For quality control data sets, we use the official relaxed precision metric which allows for small relative errors in the numerical outputs. For the graph-to-text summary, we report BLUE scores. MatCha achieves markedly improved results compared to baselines for question response, and comparable results to PaLI in abstract, where the large size and extensive pre-training of subtitle/long text generation are advantageous for this type of generation long-form text.
Rendering larger strings of language models
While extremely powerful for their number of parameters, particularly in extractive tasks, we find that fitted MatCha models can still struggle with complex end-to-end reasoning (for example, math operations involving large numbers or multiple steps). Therefore, we also propose a two-step approach to address this: 1) a model reads a graph, then generates the underlying table, 2) a large language model (LLM) reads this result, and then attempts to answer the question based solely on in text input.
For the first model, we fit MatCha solely in the graph-to-table task, increasing the length of the output stream to ensure that it could retrieve all or most of the information in the graph. Deploy is the resulting model. In the second stage, any LLM (such as flanPaLM either Codex) can be used for the task, and we can rely on standard methods of increasing performance in LLM, for example, chain of thought and self consistency. We also experiment with thought program where the model produces executable Python code to offload complex computations.
![]() |
An illustration of the DePlot+LLM method. This is a real example using flanPaLM and Codex. The blue boxes are entered into the LLM and the red boxes contain the response generated by the LLMs. We highlight some of the key steps of reasoning in each answer. |
As shown in the example above, the DePlot model in combination with LLM outperforms the fitted models by a significant margin, especially in the human-derived part of ChartQA, where the questions are more natural but require more difficult reasoning. Also, DePlot+LLM can do it without accessing any training data.

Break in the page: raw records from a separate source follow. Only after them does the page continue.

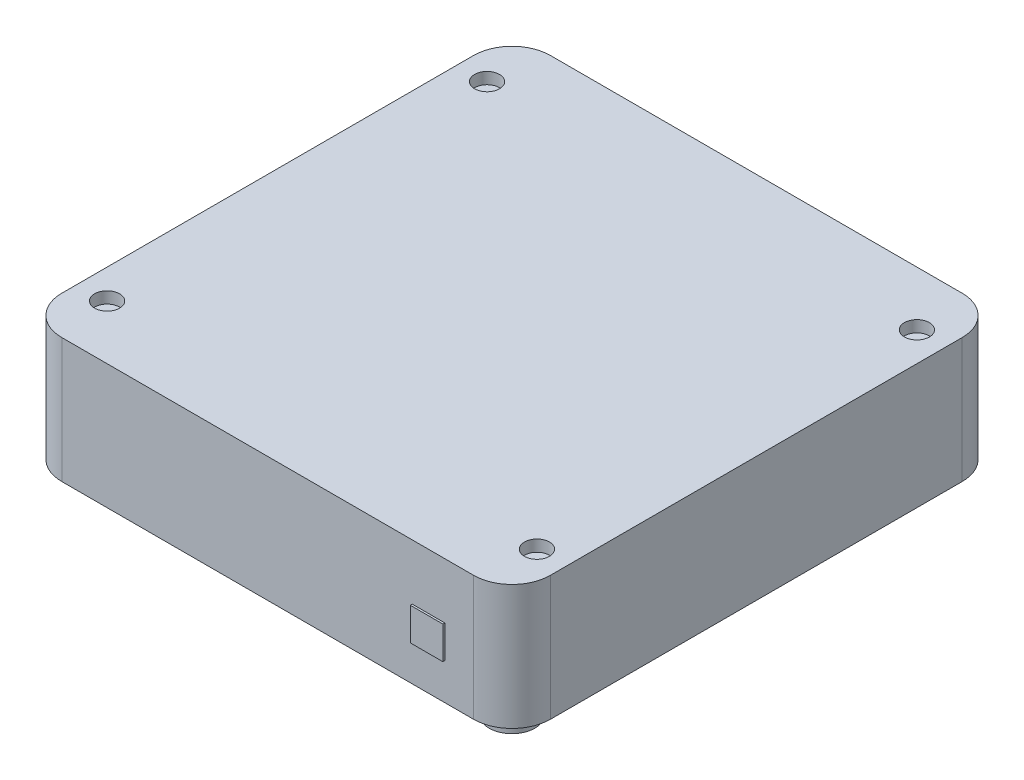
ISO-10303-21;
HEADER;
FILE_DESCRIPTION(('STEP AP214'),'2;1');
FILE_NAME('part.step','',(''),(''),'','','');
FILE_SCHEMA(('AUTOMOTIVE_DESIGN { 1 0 10303 214 1 1 1 1 }'));
ENDSEC;
DATA;
#1=APPLICATION_CONTEXT('core data for automotive mechanical design processes');
#2=APPLICATION_PROTOCOL_DEFINITION('international standard','automotive_design',2000,#1);
#3=PRODUCT_CONTEXT('',#1,'mechanical');
#4=PRODUCT('Part','Part','',(#3));
#5=PRODUCT_RELATED_PRODUCT_CATEGORY('part','',(#4));
#6=PRODUCT_DEFINITION_FORMATION('','',#4);
#7=PRODUCT_DEFINITION_CONTEXT('part definition',#1,'design');
#8=PRODUCT_DEFINITION('design','',#6,#7);
#9=PRODUCT_DEFINITION_SHAPE('','',#8);
#10=(LENGTH_UNIT() NAMED_UNIT(*) SI_UNIT(.MILLI.,.METRE.));
#11=(NAMED_UNIT(*) PLANE_ANGLE_UNIT() SI_UNIT($,.RADIAN.));
#12=(NAMED_UNIT(*) SI_UNIT($,.STERADIAN.) SOLID_ANGLE_UNIT());
#13=UNCERTAINTY_MEASURE_WITH_UNIT(LENGTH_MEASURE(1.E-05),#10,'distance_accuracy_value','');
#14=(GEOMETRIC_REPRESENTATION_CONTEXT(3) GLOBAL_UNCERTAINTY_ASSIGNED_CONTEXT((#13)) GLOBAL_UNIT_ASSIGNED_CONTEXT((#10,
#11,#12)) REPRESENTATION_CONTEXT('',''));
#15=CARTESIAN_POINT('',(0.,0.,0.));
#16=DIRECTION('',(0.,0.,1.));
#17=DIRECTION('',(1.,0.,0.));
#18=AXIS2_PLACEMENT_3D('',#15,#16,#17);
#19=CARTESIAN_POINT('',(-63.65,16.25,63.65));
#20=DIRECTION('',(0.,0.,-1.));
#21=DIRECTION('',(-1.,0.,0.));
#22=AXIS2_PLACEMENT_3D('',#19,#20,#21);
#23=PLANE('',#22);
#24=DIRECTION('',(1.,0.,0.));
#25=VECTOR('',#24,1.);
#26=CARTESIAN_POINT('',(-63.65,16.25,63.65));
#27=LINE('',#26,#25);
#28=CARTESIAN_POINT('',(-53.65,16.25,63.65));
#29=VERTEX_POINT('',#28);
#30=CARTESIAN_POINT('',(53.65,16.25,63.65));
#31=VERTEX_POINT('',#30);
#32=EDGE_CURVE('E186',#29,#31,#27,.T.);
#33=ORIENTED_EDGE('',*,*,#32,.F.);
#34=DIRECTION('',(0.,-1.,0.));
#35=VECTOR('',#34,1.);
#36=CARTESIAN_POINT('',(-53.65,16.25,63.65));
#37=LINE('',#36,#35);
#38=CARTESIAN_POINT('',(-53.65,-16.25,63.65));
#39=VERTEX_POINT('',#38);
#40=EDGE_CURVE('E223',#29,#39,#37,.T.);
#41=ORIENTED_EDGE('',*,*,#40,.T.);
#42=DIRECTION('',(1.,0.,0.));
#43=VECTOR('',#42,1.);
#44=CARTESIAN_POINT('',(-63.65,-16.25,63.65));
#45=LINE('',#44,#43);
#46=CARTESIAN_POINT('',(53.65,-16.25,63.65));
#47=VERTEX_POINT('',#46);
#48=EDGE_CURVE('E179',#39,#47,#45,.T.);
#49=ORIENTED_EDGE('',*,*,#48,.T.);
#50=DIRECTION('',(0.,-1.,0.));
#51=VECTOR('',#50,1.);
#52=CARTESIAN_POINT('',(53.65,16.25,63.65));
#53=LINE('',#52,#51);
#54=EDGE_CURVE('E220',#47,#31,#53,.F.);
#55=ORIENTED_EDGE('',*,*,#54,.T.);
#56=EDGE_LOOP('',(#33,#41,#49,#55));
#57=FACE_BOUND('',#56,.T.);
#58=DIRECTION('',(0.,-1.,0.));
#59=VECTOR('',#58,1.);
#60=CARTESIAN_POINT('',(37.65,16.25,63.65));
#61=LINE('',#60,#59);
#62=CARTESIAN_POINT('',(37.65,1.75,63.65));
#63=VERTEX_POINT('',#62);
#64=CARTESIAN_POINT('',(37.65,-6.75,63.65));
#65=VERTEX_POINT('',#64);
#66=EDGE_CURVE('E162',#63,#65,#61,.T.);
#67=ORIENTED_EDGE('',*,*,#66,.F.);
#68=DIRECTION('',(-1.,0.,0.));
#69=VECTOR('',#68,1.);
#70=CARTESIAN_POINT('',(-63.65,1.75,63.65));
#71=LINE('',#70,#69);
#72=CARTESIAN_POINT('',(46.15,1.75,63.65));
#73=VERTEX_POINT('',#72);
#74=EDGE_CURVE('E189',#73,#63,#71,.T.);
#75=ORIENTED_EDGE('',*,*,#74,.F.);
#76=DIRECTION('',(0.,1.,0.));
#77=VECTOR('',#76,1.);
#78=CARTESIAN_POINT('',(46.15,16.25,63.65));
#79=LINE('',#78,#77);
#80=CARTESIAN_POINT('',(46.15,-6.75,63.65));
#81=VERTEX_POINT('',#80);
#82=EDGE_CURVE('E203',#81,#73,#79,.T.);
#83=ORIENTED_EDGE('',*,*,#82,.F.);
#84=DIRECTION('',(1.,0.,0.));
#85=VECTOR('',#84,1.);
#86=CARTESIAN_POINT('',(-63.65,-6.75,63.65));
#87=LINE('',#86,#85);
#88=EDGE_CURVE('E207',#65,#81,#87,.T.);
#89=ORIENTED_EDGE('',*,*,#88,.F.);
#90=EDGE_LOOP('',(#67,#75,#83,#89));
#91=FACE_BOUND('',#90,.T.);
#92=ADVANCED_FACE('F45',(#57,#91),#23,.F.);
#93=CARTESIAN_POINT('',(63.65,16.25,-63.65));
#94=DIRECTION('',(-1.,0.,0.));
#95=DIRECTION('',(0.,0.,1.));
#96=AXIS2_PLACEMENT_3D('',#93,#94,#95);
#97=PLANE('',#96);
#98=DIRECTION('',(0.,0.,-1.));
#99=VECTOR('',#98,1.);
#100=CARTESIAN_POINT('',(63.65,-16.25,-63.65));
#101=LINE('',#100,#99);
#102=CARTESIAN_POINT('',(63.65,-16.25,53.65));
#103=VERTEX_POINT('',#102);
#104=CARTESIAN_POINT('',(63.65,-16.25,-53.65));
#105=VERTEX_POINT('',#104);
#106=EDGE_CURVE('E164',#103,#105,#101,.T.);
#107=ORIENTED_EDGE('',*,*,#106,.T.);
#108=DIRECTION('',(0.,-1.,0.));
#109=VECTOR('',#108,1.);
#110=CARTESIAN_POINT('',(63.65,16.25,-53.65));
#111=LINE('',#110,#109);
#112=CARTESIAN_POINT('',(63.65,16.25,-53.65));
#113=VERTEX_POINT('',#112);
#114=EDGE_CURVE('E11',#105,#113,#111,.F.);
#115=ORIENTED_EDGE('',*,*,#114,.T.);
#116=DIRECTION('',(0.,0.,-1.));
#117=VECTOR('',#116,1.);
#118=CARTESIAN_POINT('',(63.65,16.25,-63.65));
#119=LINE('',#118,#117);
#120=CARTESIAN_POINT('',(63.65,16.25,53.65));
#121=VERTEX_POINT('',#120);
#122=EDGE_CURVE('E175',#121,#113,#119,.T.);
#123=ORIENTED_EDGE('',*,*,#122,.F.);
#124=DIRECTION('',(0.,-1.,0.));
#125=VECTOR('',#124,1.);
#126=CARTESIAN_POINT('',(63.65,16.25,53.65));
#127=LINE('',#126,#125);
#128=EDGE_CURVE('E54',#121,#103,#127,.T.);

We have released the new models and code in our github repository, where you can try it yourself in colab. Check the papers matcha and Deploy for more details on the experimental results. We hope that our results can benefit the research community and make information in graphs and diagrams more accessible to everyone.
Thanks
This work was done by Fangyu Liu, Julian Martin Eisenschlos, Francesco Piccinno, Syrine Krichene, Chenxi Pang, Kenton Lee, Mandar Joshi, Wenhu Chen, and Yasemin Altun from our language team as part of Fangyu’s internship project. Nigel Collier from Cambridge was also a contributor. We would like to thank Joshua Howland, Alex Polozov, Shrestha Basu Mallick, Massimo Nicosia, and William Cohen for their valuable comments and suggestions.